Październik, 2015
Dystans całkowity: | 744.84 km (w terenie 55.00 km; 7.38%) |
Czas w ruchu: | 32:40 |
Średnia prędkość: | 22.80 km/h |
Maksymalna prędkość: | 73.80 km/h |
Liczba aktywności: | 13 |
Średnio na aktywność: | 57.30 km i 2h 30m |
Więcej statystyk |
Trochę mtb
-
DST
54.18km
-
Teren
11.00km
-
Czas
02:51
-
VAVG
19.01km/h
-
VMAX
66.07km/h
-
Sprzęt Author Instinct
-
Aktywność Jazda na rowerze
Kolejny dzień z piękną pogodą. Zbieramy się większą grupą, ale jakoś nie było koncepcji na dzisiejszą jazdę. W Lubeni z Karolem i Kubą odłączamy się, żeby zaliczyć trochę terenu. Najpierw wspinaczka na trasę zjazdową w Babicy. Potem trochę asfaltu, trochę szutru i lasu i znajdujemy fajny zjazd do Sołonki. Teraz na Okop terenowym podjazdem, którym kiedyś zjeżdżaliśmy, myślałem, że nie znajdziemy, ale udało się. Na koniec znowu Przylasek. Warto było wykorzystać ostatki dobrej pogody i suchość terenu na trochę mtb.

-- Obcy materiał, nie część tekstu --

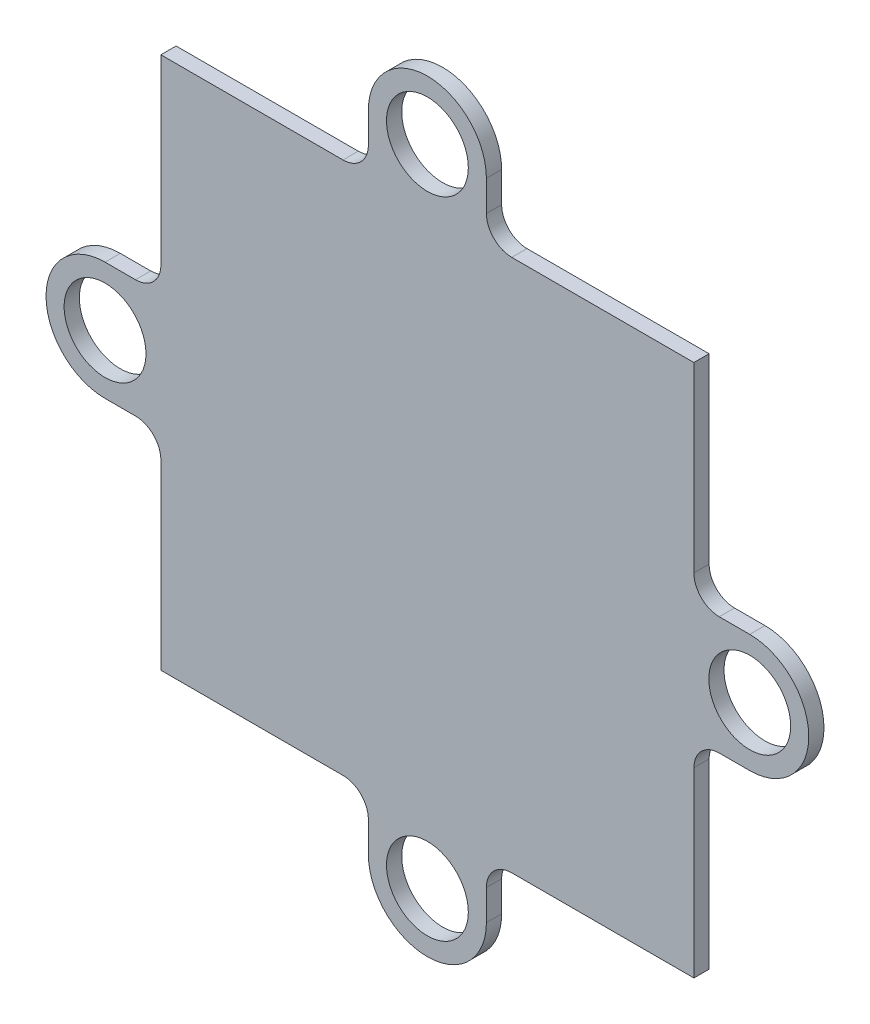
ISO-10303-21;
HEADER;
FILE_DESCRIPTION(('STEP AP214'),'2;1');
FILE_NAME('part.step','',(''),(''),'','','');
FILE_SCHEMA(('AUTOMOTIVE_DESIGN { 1 0 10303 214 1 1 1 1 }'));
ENDSEC;
DATA;
#1=APPLICATION_CONTEXT('core data for automotive mechanical design processes');
#2=APPLICATION_PROTOCOL_DEFINITION('international standard','automotive_design',2000,#1);
#3=PRODUCT_CONTEXT('',#1,'mechanical');
#4=PRODUCT('Part','Part','',(#3));
#5=PRODUCT_RELATED_PRODUCT_CATEGORY('part','',(#4));
#6=PRODUCT_DEFINITION_FORMATION('','',#4);
#7=PRODUCT_DEFINITION_CONTEXT('part definition',#1,'design');
#8=PRODUCT_DEFINITION('design','',#6,#7);
#9=PRODUCT_DEFINITION_SHAPE('','',#8);
#10=(LENGTH_UNIT() NAMED_UNIT(*) SI_UNIT(.MILLI.,.METRE.));
#11=(NAMED_UNIT(*) PLANE_ANGLE_UNIT() SI_UNIT($,.RADIAN.));
#12=(NAMED_UNIT(*) SI_UNIT($,.STERADIAN.) SOLID_ANGLE_UNIT());
#13=UNCERTAINTY_MEASURE_WITH_UNIT(LENGTH_MEASURE(1.E-05),#10,'distance_accuracy_value','');
#14=(GEOMETRIC_REPRESENTATION_CONTEXT(3) GLOBAL_UNCERTAINTY_ASSIGNED_CONTEXT((#13)) GLOBAL_UNIT_ASSIGNED_CONTEXT((#10,
#11,#12)) REPRESENTATION_CONTEXT('',''));
#15=CARTESIAN_POINT('',(0.,0.,0.));
#16=DIRECTION('',(0.,0.,1.));
#17=DIRECTION('',(1.,0.,0.));
#18=AXIS2_PLACEMENT_3D('',#15,#16,#17);
#19=CARTESIAN_POINT('',(0.,-4.64999999999974,1.2));
#20=DIRECTION('',(0.,1.,0.));
#21=DIRECTION('',(0.,0.,1.));
#22=AXIS2_PLACEMENT_3D('',#19,#20,#21);
#23=PLANE('',#22);
#24=DIRECTION('',(1.,0.,0.));
#25=VECTOR('',#24,1.);
#26=CARTESIAN_POINT('',(0.,-4.64999999999974,0.));
#27=LINE('',#26,#25);
#28=CARTESIAN_POINT('',(-25.4000000000001,-4.64999999999974,0.));
#29=VERTEX_POINT('',#28);
#30=CARTESIAN_POINT('',(-23.0000000000001,-4.64999999999974,0.));
#31=VERTEX_POINT('',#30);
#32=EDGE_CURVE('E282',#29,#31,#27,.T.);
#33=ORIENTED_EDGE('',*,*,#32,.T.);
#34=DIRECTION('',(0.,0.,-1.));
#35=VECTOR('',#34,1.);
#36=CARTESIAN_POINT('',(-23.0000000000001,-4.64999999999974,1.2));
#37=LINE('',#36,#35);
#38=CARTESIAN_POINT('',(-23.0000000000001,-4.64999999999974,1.2));
#39=VERTEX_POINT('',#38);
#40=EDGE_CURVE('E11',#39,#31,#37,.T.);
#41=ORIENTED_EDGE('',*,*,#40,.F.);
#42=DIRECTION('',(1.,0.,0.));
#43=VECTOR('',#42,1.);
#44=CARTESIAN_POINT('',(0.,-4.64999999999974,1.2));
#45=LINE('',#44,#43);
#46=CARTESIAN_POINT('',(-25.4000000000001,-4.64999999999974,1.2));
#47=VERTEX_POINT('',#46);
#48=EDGE_CURVE('E488',#47,#39,#45,.T.);
#49=ORIENTED_EDGE('',*,*,#48,.F.);
#50=DIRECTION('',(0.,0.,-1.));
#51=VECTOR('',#50,1.);
#52=CARTESIAN_POINT('',(-25.4000000000001,-4.64999999999974,1.2));
#53=LINE('',#52,#51);
#54=EDGE_CURVE('E262',#47,#29,#53,.T.);
#55=ORIENTED_EDGE('',*,*,#54,.T.);
#56=EDGE_LOOP('',(#33,#41,#49,#55));
#57=FACE_BOUND('',#56,.T.);
#58=ADVANCED_FACE('F45',(#57),#23,.F.);
#59=CARTESIAN_POINT('',(-23.0000000000001,-6.64999999999976,1.2));
#60=DIRECTION('',(0.,0.,-1.));
#61=DIRECTION('',(-1.,0.,0.));
#62=AXIS2_PLACEMENT_3D('',#59,#60,#61);
#63=CYLINDRICAL_SURFACE('',#62,2.00000000000001);
#64=CARTESIAN_POINT('',(-23.0000000000001,-6.64999999999976,0.));
#65=DIRECTION('',(0.,0.,1.));
#66=DIRECTION('',(1.,0.,0.));
#67=AXIS2_PLACEMENT_3D('',#64,#65,#66);
#68=CIRCLE('',#67,2.00000000000001);
#69=CARTESIAN_POINT('',(-21.0000000000001,-6.6499999999998,0.));
#70=VERTEX_POINT('',#69);
#71=EDGE_CURVE('E286',#31,#70,#68,.F.);
#72=ORIENTED_EDGE('',*,*,#71,.T.);
#73=DIRECTION('',(0.,0.,-1.));
#74=VECTOR('',#73,1.);
#75=CARTESIAN_POINT('',(-21.0000000000001,-6.6499999999998,1.2));
#76=LINE('',#75,#74);
#77=CARTESIAN_POINT('',(-21.0000000000001,-6.6499999999998,1.2));
#78=VERTEX_POINT('',#77);
#79=EDGE_CURVE('E55',#78,#70,#76,.T.);
#80=ORIENTED_EDGE('',*,*,#79,.F.);
#81=CARTESIAN_POINT('',(-23.0000000000001,-6.64999999999976,1.2));
#82=DIRECTION('',(0.,0.,1.));
#83=DIRECTION('',(1.,0.,0.));
#84=AXIS2_PLACEMENT_3D('',#81,#82,#83);
#85=CIRCLE('',#84,2.00000000000001);
#86=EDGE_CURVE('E162',#39,#78,#85,.F.);
#87=ORIENTED_EDGE('',*,*,#86,.F.);
#88=ORIENTED_EDGE('',*,*,#40,.T.);
#89=EDGE_LOOP('',(#72,#80,#87,#88));
#90=FACE_BOUND('',#89,.T.);
#91=ADVANCED_FACE('F468',(#90),#63,.F.);
#92=CARTESIAN_POINT('',(-21.0000000000001,-1.01544788837666E-13,1.2));
#93=DIRECTION('',(-1.,0.,0.));
#94=DIRECTION('',(0.,-1.,0.));
#95=AXIS2_PLACEMENT_3D('',#92,#93,#94);
#96=PLANE('',#95);
#97=DIRECTION('',(0.,1.,0.));
#98=VECTOR('',#97,1.);
#99=CARTESIAN_POINT('',(-21.0000000000001,-1.01544788837666E-13,0.));
#100=LINE('',#99,#98);
#101=CARTESIAN_POINT('',(-21.,-21.,0.));
#102=VERTEX_POINT('',#101);
#103=EDGE_CURVE('E290',#102,#70,#100,.T.);
#104=ORIENTED_EDGE('',*,*,#103,.F.);
#105=DIRECTION('',(0.,0.,-1.));
#106=VECTOR('',#105,1.);
#107=CARTESIAN_POINT('',(-21.,-21.,1.2));
#108=LINE('',#107,#106);
#109=CARTESIAN_POINT('',(-21.,-21.,1.2));
#110=VERTEX_POINT('',#109);
#111=EDGE_CURVE('E459',#110,#102,#108,.T.);
#112=ORIENTED_EDGE('',*,*,#111,.F.);
#113=DIRECTION('',(0.,1.,0.));
#114=VECTOR('',#113,1.);
#115=CARTESIAN_POINT('',(-21.0000000000001,-1.01544788837666E-13,1.2));
#116=LINE('',#115,#114);
#117=EDGE_CURVE('E467',#110,#78,#116,.T.);
#118=ORIENTED_EDGE('',*,*,#117,.T.);
#119=ORIENTED_EDGE('',*,*,#79,.T.);
#120=EDGE_LOOP('',(#104,#112,#118,#119));
#121=FACE_BOUND('',#120,.T.);
#122=ADVANCED_FACE('F465',(#121),#96,.T.);
#123=CARTESIAN_POINT('',(1.827806199078E-13,-20.9999999999998,1.2));
#124=DIRECTION('',(0.,1.,0.));
#125=DIRECTION('',(-1.,0.,0.));
#126=AXIS2_PLACEMENT_3D('',#123,#124,#125);
#127=PLANE('',#126);
#128=DIRECTION('',(1.,0.,0.));
#129=VECTOR('',#128,1.);
#130=CARTESIAN_POINT('',(1.827806199078E-13,-20.9999999999998,0.));
#131=LINE('',#130,#129);
#132=CARTESIAN_POINT('',(-6.65000000000012,-20.9999999999999,0.));
#133=VERTEX_POINT('',#132);
#134=EDGE_CURVE('E294',#102,#133,#131,.T.);
#135=ORIENTED_EDGE('',*,*,#134,.T.);
#136=DIRECTION('',(0.,0.,-1.));
#137=VECTOR('',#136,1.);
#138=CARTESIAN_POINT('',(-6.65000000000012,-20.9999999999999,1.2));
#139=LINE('',#138,#137);
#140=CARTESIAN_POINT('',(-6.65000000000012,-20.9999999999999,1.2));
#141=VERTEX_POINT('',#140);
#142=EDGE_CURVE('E456',#141,#133,#139,.T.);
#143=ORIENTED_EDGE('',*,*,#142,.F.);
#144=DIRECTION('',(1.,0.,0.));
#145=VECTOR('',#144,1.);
#146=CARTESIAN_POINT('',(1.827806199078E-13,-20.9999999999998,1.2));
#147=LINE('',#146,#145);
#148=EDGE_CURVE('E480',#110,#141,#147,.T.);
#149=ORIENTED_EDGE('',*,*,#148,.F.);
#150=ORIENTED_EDGE('',*,*,#111,.T.);
#151=EDGE_LOOP('',(#135,#143,#149,#150));
#152=FACE_BOUND('',#151,.T.);
#153=ADVANCED_FACE('F477',(#152),#127,.F.);
#154=CARTESIAN_POINT('',(-6.65000000000008,-22.9999999999999,1.2));
#155=DIRECTION('',(0.,0.,-1.));
#156=DIRECTION('',(-1.,0.,0.));
#157=AXIS2_PLACEMENT_3D('',#154,#155,#156);
#158=CYLINDRICAL_SURFACE('',#157,2.);
#159=CARTESIAN_POINT('',(-6.65000000000008,-22.9999999999999,0.));
#160=DIRECTION('',(0.,0.,1.));
#161=DIRECTION('',(1.,0.,0.));
#162=AXIS2_PLACEMENT_3D('',#159,#160,#161);
#163=CIRCLE('',#162,2.);
#164=CARTESIAN_POINT('',(-4.65000000000009,-22.9999999999999,0.));
#165=VERTEX_POINT('',#164);
#166=EDGE_CURVE('E298',#165,#133,#163,.T.);
#167=ORIENTED_EDGE('',*,*,#166,.F.);
#168=DIRECTION('',(0.,0.,-1.));
#169=VECTOR('',#168,1.);
#170=CARTESIAN_POINT('',(-4.65000000000009,-22.9999999999999,1.2));
#171=LINE('',#170,#169);
#172=CARTESIAN_POINT('',(-4.65000000000009,-22.9999999999999,1.2));
#173=VERTEX_POINT('',#172);
#174=EDGE_CURVE('E453',#173,#165,#171,.T.);
#175=ORIENTED_EDGE('',*,*,#174,.F.);
#176=CARTESIAN_POINT('',(-6.65000000000008,-22.9999999999999,1.2));
#177=DIRECTION('',(0.,0.,1.));
#178=DIRECTION('',(1.,0.,0.));
#179=AXIS2_PLACEMENT_3D('',#176,#177,#178);
#180=CIRCLE('',#179,2.);
#181=EDGE_CURVE('E483',#173,#141,#180,.T.);
#182=ORIENTED_EDGE('',*,*,#181,.T.);
#183=ORIENTED_EDGE('',*,*,#142,.T.);
#184=EDGE_LOOP('',(#167,#175,#182,#183));
#185=FACE_BOUND('',#184,.T.);
#186=ADVANCED_FACE('F841',(#185),#158,.F.);
#187=CARTESIAN_POINT('',(-4.65000000000009,0.,1.2));
#188=DIRECTION('',(-1.,0.,0.));
#189=DIRECTION('',(0.,0.,1.));
#190=AXIS2_PLACEMENT_3D('',#187,#188,#189);
#191=PLANE('',#190);
#192=DIRECTION('',(0.,1.,0.));
#193=VECTOR('',#192,1.);
#194=CARTESIAN_POINT('',(-4.65000000000009,0.,0.));
#195=LINE('',#194,#193);
#196=CARTESIAN_POINT('',(-4.65000000000009,-25.4,0.));
#197=VERTEX_POINT('',#196);
#198=EDGE_CURVE('E302',#197,#165,#195,.T.);
#199=ORIENTED_EDGE('',*,*,#198,.F.);
#200=DIRECTION('',(0.,0.,-1.));
#201=VECTOR('',#200,1.);
#202=CARTESIAN_POINT('',(-4.65000000000009,-25.4,1.2));
#203=LINE('',#202,#201);
#204=CARTESIAN_POINT('',(-4.65000000000009,-25.4,1.2));
#205=VERTEX_POINT('',#204);
#206=EDGE_CURVE('E450',#205,#197,#203,.T.);
#207=ORIENTED_EDGE('',*,*,#206,.F.);
#208=DIRECTION('',(0.,1.,0.));
#209=VECTOR('',#208,1.);
#210=CARTESIAN_POINT('',(-4.65000000000009,0.,1.2));
#211=LINE('',#210,#209);
#212=EDGE_CURVE('E494',#205,#173,#211,.T.);
#213=ORIENTED_EDGE('',*,*,#212,.T.);
#214=ORIENTED_EDGE('',*,*,#174,.T.);
#215=EDGE_LOOP('',(#199,#207,#213,#214));
#216=FACE_BOUND('',#215,.T.);
#217=ADVANCED_FACE('F832',(#216),#191,.T.);
#218=CARTESIAN_POINT('',(0.,-25.4,1.2));
#219=DIRECTION('',(0.,0.,-1.));
#220=DIRECTION('',(-1.,0.,0.));
#221=AXIS2_PLACEMENT_3D('',#218,#219,#220);
#222=CYLINDRICAL_SURFACE('',#221,4.65);
#223=CARTESIAN_POINT('',(0.,-25.4,0.));
#224=DIRECTION('',(0.,0.,1.));
#225=DIRECTION('',(1.,0.,0.));
#226=AXIS2_PLACEMENT_3D('',#223,#224,#225);
#227=CIRCLE('',#226,4.65);
#228=CARTESIAN_POINT('',(4.64999999999991,-25.4,0.));
#229=VERTEX_POINT('',#228);
#230=EDGE_CURVE('E306',#197,#229,#227,.T.);
#231=ORIENTED_EDGE('',*,*,#230,.T.);
#232=DIRECTION('',(0.,0.,-1.));
#233=VECTOR('',#232,1.);
#234=CARTESIAN_POINT('',(4.64999999999991,-25.4,1.2));
#235=LINE('',#234,#233);
#236=CARTESIAN_POINT('',(4.64999999999991,-25.4,1.2));
#237=VERTEX_POINT('',#236);
#238=EDGE_CURVE('E446',#237,#229,#235,.T.);
#239=ORIENTED_EDGE('',*,*,#238,.F.);
#240=CARTESIAN_POINT('',(0.,-25.4,1.2));
#241=DIRECTION('',(0.,0.,1.));
#242=DIRECTION('',(1.,0.,0.));
#243=AXIS2_PLACEMENT_3D('',#240,#241,#242);
#244=CIRCLE('',#243,4.65);
#245=EDGE_CURVE('E498',#205,#237,#244,.T.);
#246=ORIENTED_EDGE('',*,*,#245,.F.);
#247=ORIENTED_EDGE('',*,*,#206,.T.);
#248=EDGE_LOOP('',(#231,#239,#246,#247));
#249=FACE_BOUND('',#248,.T.);
#250=ADVANCED_FACE('F823',(#249),#222,.T.);
#251=CARTESIAN_POINT('',(4.64999999999991,0.,1.2));
#252=DIRECTION('',(-1.,0.,0.));
#253=DIRECTION('',(0.,0.,1.));
#254=AXIS2_PLACEMENT_3D('',#251,#252,#253);
#255=PLANE('',#254);
#256=DIRECTION('',(0.,1.,0.));
#257=VECTOR('',#256,1.);
#258=CARTESIAN_POINT('',(4.64999999999991,0.,0.));
#259=LINE('',#258,#257);
#260=CARTESIAN_POINT('',(4.64999999999991,-22.9999999999999,0.));
#261=VERTEX_POINT('',#260);
#262=EDGE_CURVE('E309',#229,#261,#259,.T.);
#263=ORIENTED_EDGE('',*,*,#262,.T.);
#264=DIRECTION('',(0.,0.,-1.));
#265=VECTOR('',#264,1.);
#266=CARTESIAN_POINT('',(4.64999999999991,-22.9999999999999,1.2));
#267=LINE('',#266,#265);
#268=CARTESIAN_POINT('',(4.64999999999991,-22.9999999999999,1.2));
#269=VERTEX_POINT('',#268);
#270=EDGE_CURVE('E442',#269,#261,#267,.T.);
#271=ORIENTED_EDGE('',*,*,#270,.F.);
#272=DIRECTION('',(0.,1.,0.));
#273=VECTOR('',#272,1.);
#274=CARTESIAN_POINT('',(4.64999999999991,0.,1.2));
#275=LINE('',#274,#273);
#276=EDGE_CURVE('E501',#237,#269,#275,.T.);
#277=ORIENTED_EDGE('',*,*,#276,.F.);
#278=ORIENTED_EDGE('',*,*,#238,.T.);
#279=EDGE_LOOP('',(#263,#271,#277,#278));
#280=FACE_BOUND('',#279,.T.);
#281=ADVANCED_FACE('F814',(#280),#255,.F.);
#282=CARTESIAN_POINT('',(6.6499999999999,-22.9999999999999,1.2));
#283=DIRECTION('',(0.,0.,-1.));
#284=DIRECTION('',(-1.,0.,0.));
#285=AXIS2_PLACEMENT_3D('',#282,#283,#284);
#286=CYLINDRICAL_SURFACE('',#285,2.);
#287=CARTESIAN_POINT('',(6.6499999999999,-22.9999999999999,0.));
#288=DIRECTION('',(0.,0.,1.));
#289=DIRECTION('',(1.,0.,0.));
#290=AXIS2_PLACEMENT_3D('',#287,#288,#289);
#291=CIRCLE('',#290,2.);
#292=CARTESIAN_POINT('',(6.64999999999994,-20.9999999999999,0.));
#293=VERTEX_POINT('',#292);
#294=EDGE_CURVE('E312',#261,#293,#291,.F.);
#295=ORIENTED_EDGE('',*,*,#294,.T.);
#296=DIRECTION('',(0.,0.,-1.));
#297=VECTOR('',#296,1.);
#298=CARTESIAN_POINT('',(6.64999999999994,-20.9999999999999,1.2));
#299=LINE('',#298,#297);
#300=CARTESIAN_POINT('',(6.64999999999994,-20.9999999999999,1.2));
#301=VERTEX_POINT('',#300);
#302=EDGE_CURVE('E438',#301,#293,#299,.T.);
#303=ORIENTED_EDGE('',*,*,#302,.F.);
#304=CARTESIAN_POINT('',(6.6499999999999,-22.9999999999999,1.2));
#305=DIRECTION('',(0.,0.,1.));
#306=DIRECTION('',(1.,0.,0.));
#307=AXIS2_PLACEMENT_3D('',#304,#305,#306);
#308=CIRCLE('',#307,2.);
#309=EDGE_CURVE('E504',#269,#301,#308,.F.);
#310=ORIENTED_EDGE('',*,*,#309,.F.);
#311=ORIENTED_EDGE('',*,*,#270,.T.);
#312=EDGE_LOOP('',(#295,#303,#310,#311));
#313=FACE_BOUND('',#312,.T.);
#314=ADVANCED_FACE('F805',(#313),#286,.F.);
#315=CARTESIAN_POINT('',(0.,-20.9999999999999,1.2));
#316=DIRECTION('',(0.,1.,0.));
#317=DIRECTION('',(0.,0.,1.));
#318=AXIS2_PLACEMENT_3D('',#315,#316,#317);
#319=PLANE('',#318);
#320=DIRECTION('',(1.,0.,0.));
#321=VECTOR('',#320,1.);
#322=CARTESIAN_POINT('',(0.,-20.9999999999999,0.));
#323=LINE('',#322,#321);
#324=CARTESIAN_POINT('',(21.,-21.,0.));
#325=VERTEX_POINT('',#324);
#326=EDGE_CURVE('E315',#293,#325,#323,.T.);
#327=ORIENTED_EDGE('',*,*,#326,.T.);
#328=DIRECTION('',(0.,0.,-1.));
#329=VECTOR('',#328,1.);
#330=CARTESIAN_POINT('',(21.,-21.,1.2));
#331=LINE('',#330,#329);
#332=CARTESIAN_POINT('',(21.,-21.,1.2));
#333=VERTEX_POINT('',#332);
#334=EDGE_CURVE('E434',#333,#325,#331,.T.);
#335=ORIENTED_EDGE('',*,*,#334,.F.);
#336=DIRECTION('',(1.,0.,0.));
#337=VECTOR('',#336,1.);
#338=CARTESIAN_POINT('',(0.,-20.9999999999999,1.2));
#339=LINE('',#338,#337);
#340=EDGE_CURVE('E507',#301,#333,#339,.T.);
#341=ORIENTED_EDGE('',*,*,#340,.F.);
#342=ORIENTED_EDGE('',*,*,#302,.T.);
#343=EDGE_LOOP('',(#327,#335,#341,#342));
#344=FACE_BOUND('',#343,.T.);
#345=ADVANCED_FACE('F796',(#344),#319,.F.);
#346=CARTESIAN_POINT('',(21.,0.,1.2));
#347=DIRECTION('',(-1.,0.,0.));
#348=DIRECTION('',(0.,-1.,0.));
#349=AXIS2_PLACEMENT_3D('',#346,#347,#348);
#350=PLANE('',#349);
#351=DIRECTION('',(0.,1.,0.));
#352=VECTOR('',#351,1.);
#353=CARTESIAN_POINT('',(21.,0.,0.));
#354=LINE('',#353,#352);
#355=CARTESIAN_POINT('',(21.,-6.6500000000001,0.));
#356=VERTEX_POINT('',#355);
#357=EDGE_CURVE('E318',#325,#356,#354,.T.);
#358=ORIENTED_EDGE('',*,*,#357,.T.);
#359=DIRECTION('',(0.,0.,-1.));
#360=VECTOR('',#359,1.);
#361=CARTESIAN_POINT('',(21.,-6.6500000000001,1.2));
#362=LINE('',#361,#360);
#363=CARTESIAN_POINT('',(21.,-6.6500000000001,1.2));
#364=VERTEX_POINT('',#363);
#365=EDGE_CURVE('E431',#364,#356,#362,.T.);
#366=ORIENTED_EDGE('',*,*,#365,.F.);
#367=DIRECTION('',(0.,1.,0.));
#368=VECTOR('',#367,1.);
#369=CARTESIAN_POINT('',(21.,0.,1.2));
#370=LINE('',#369,#368);
#371=EDGE_CURVE('E510',#333,#364,#370,.T.);
#372=ORIENTED_EDGE('',*,*,#371,.F.);
#373=ORIENTED_EDGE('',*,*,#334,.T.);
#374=EDGE_LOOP('',(#358,#366,#372,#373));
#375=FACE_BOUND('',#374,.T.);
#376=ADVANCED_FACE('F787',(#375),#350,.F.);
#377=CARTESIAN_POINT('',(23.,-6.65000000000009,1.2));
#378=DIRECTION('',(0.,0.,-1.));
#379=DIRECTION('',(-1.,0.,0.));
#380=AXIS2_PLACEMENT_3D('',#377,#378,#379);
#381=CYLINDRICAL_SURFACE('',#380,2.);
#382=CARTESIAN_POINT('',(23.,-6.65000000000009,0.));
#383=DIRECTION('',(0.,0.,1.));
#384=DIRECTION('',(1.,0.,0.));
#385=AXIS2_PLACEMENT_3D('',#382,#383,#384);
#386=CIRCLE('',#385,2.);
#387=CARTESIAN_POINT('',(23.,-4.6500000000001,0.));
#388=VERTEX_POINT('',#387);
#389=EDGE_CURVE('E322',#388,#356,#386,.T.);
#390=ORIENTED_EDGE('',*,*,#389,.F.);
#391=DIRECTION('',(0.,0.,-1.));
#392=VECTOR('',#391,1.);
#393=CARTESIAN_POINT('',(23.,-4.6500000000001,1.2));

Kategoria [50-100], grupowo, wycieczki terenowe
Solidna dawka emtebowania
-
DST
86.09km
-
Teren
40.00km
-
Czas
04:31
-
VAVG
19.06km/h
-
VMAX
57.05km/h
-
Sprzęt Author Instinct
-
Aktywność Jazda na rowerze
W czteroosobowym składzie uderzamy na południe, Podjazd na Przylasek szutrem, Hermanowa i wbijamy na drogę na Wilczak. W związku ze szlakiem Green Velo drogę tą utwardzono i wygładzono. Na polance odbijamy w lewo i dojeżdżamy do tajemniczej tabliczki informującej, że niedaleko jest skansen. Akurat zjazd do niego prowadzi czarnym szlakiem. Skansen to duża stodoła i trochę starych rolniczych sprzętów ustawionych wokół, nikogo tam nie było. Przystajemy na chwilę i ruszamy do Błażowej. Po zjedzeniu pysznych drożdżówek z tamtejszej cukierni kierujemy się na kamieniołom w Futomie. Teraz kilka km w górę po szutrach i dojeżdżamy do drogi Dynów- Domaradz. Po kilkuset metrach nią skręcamy w lewo na świetny zjazd do Wesołej. Niestety teraz trzeba pokonać długi asfaltowy podjazd do Ujazdów. Skręcamy na stary kamieniołom, a raczej pozostałości po nim, dalej drogi w zasadzie nie ma, trochę jakąś ścieżką, trochę na krechę przez las dojeżdżamy do Kąkolówki. Asfaltujemy do Lecki, zahaczamy o Wilczak i przez las fajnym zjazdem śmigamy do Straszydla. Na koniec trochę zabawy w lesie w Przylasku i do domu. Świetna wycieczka, dawno tyle w terenie nie pojeździłem.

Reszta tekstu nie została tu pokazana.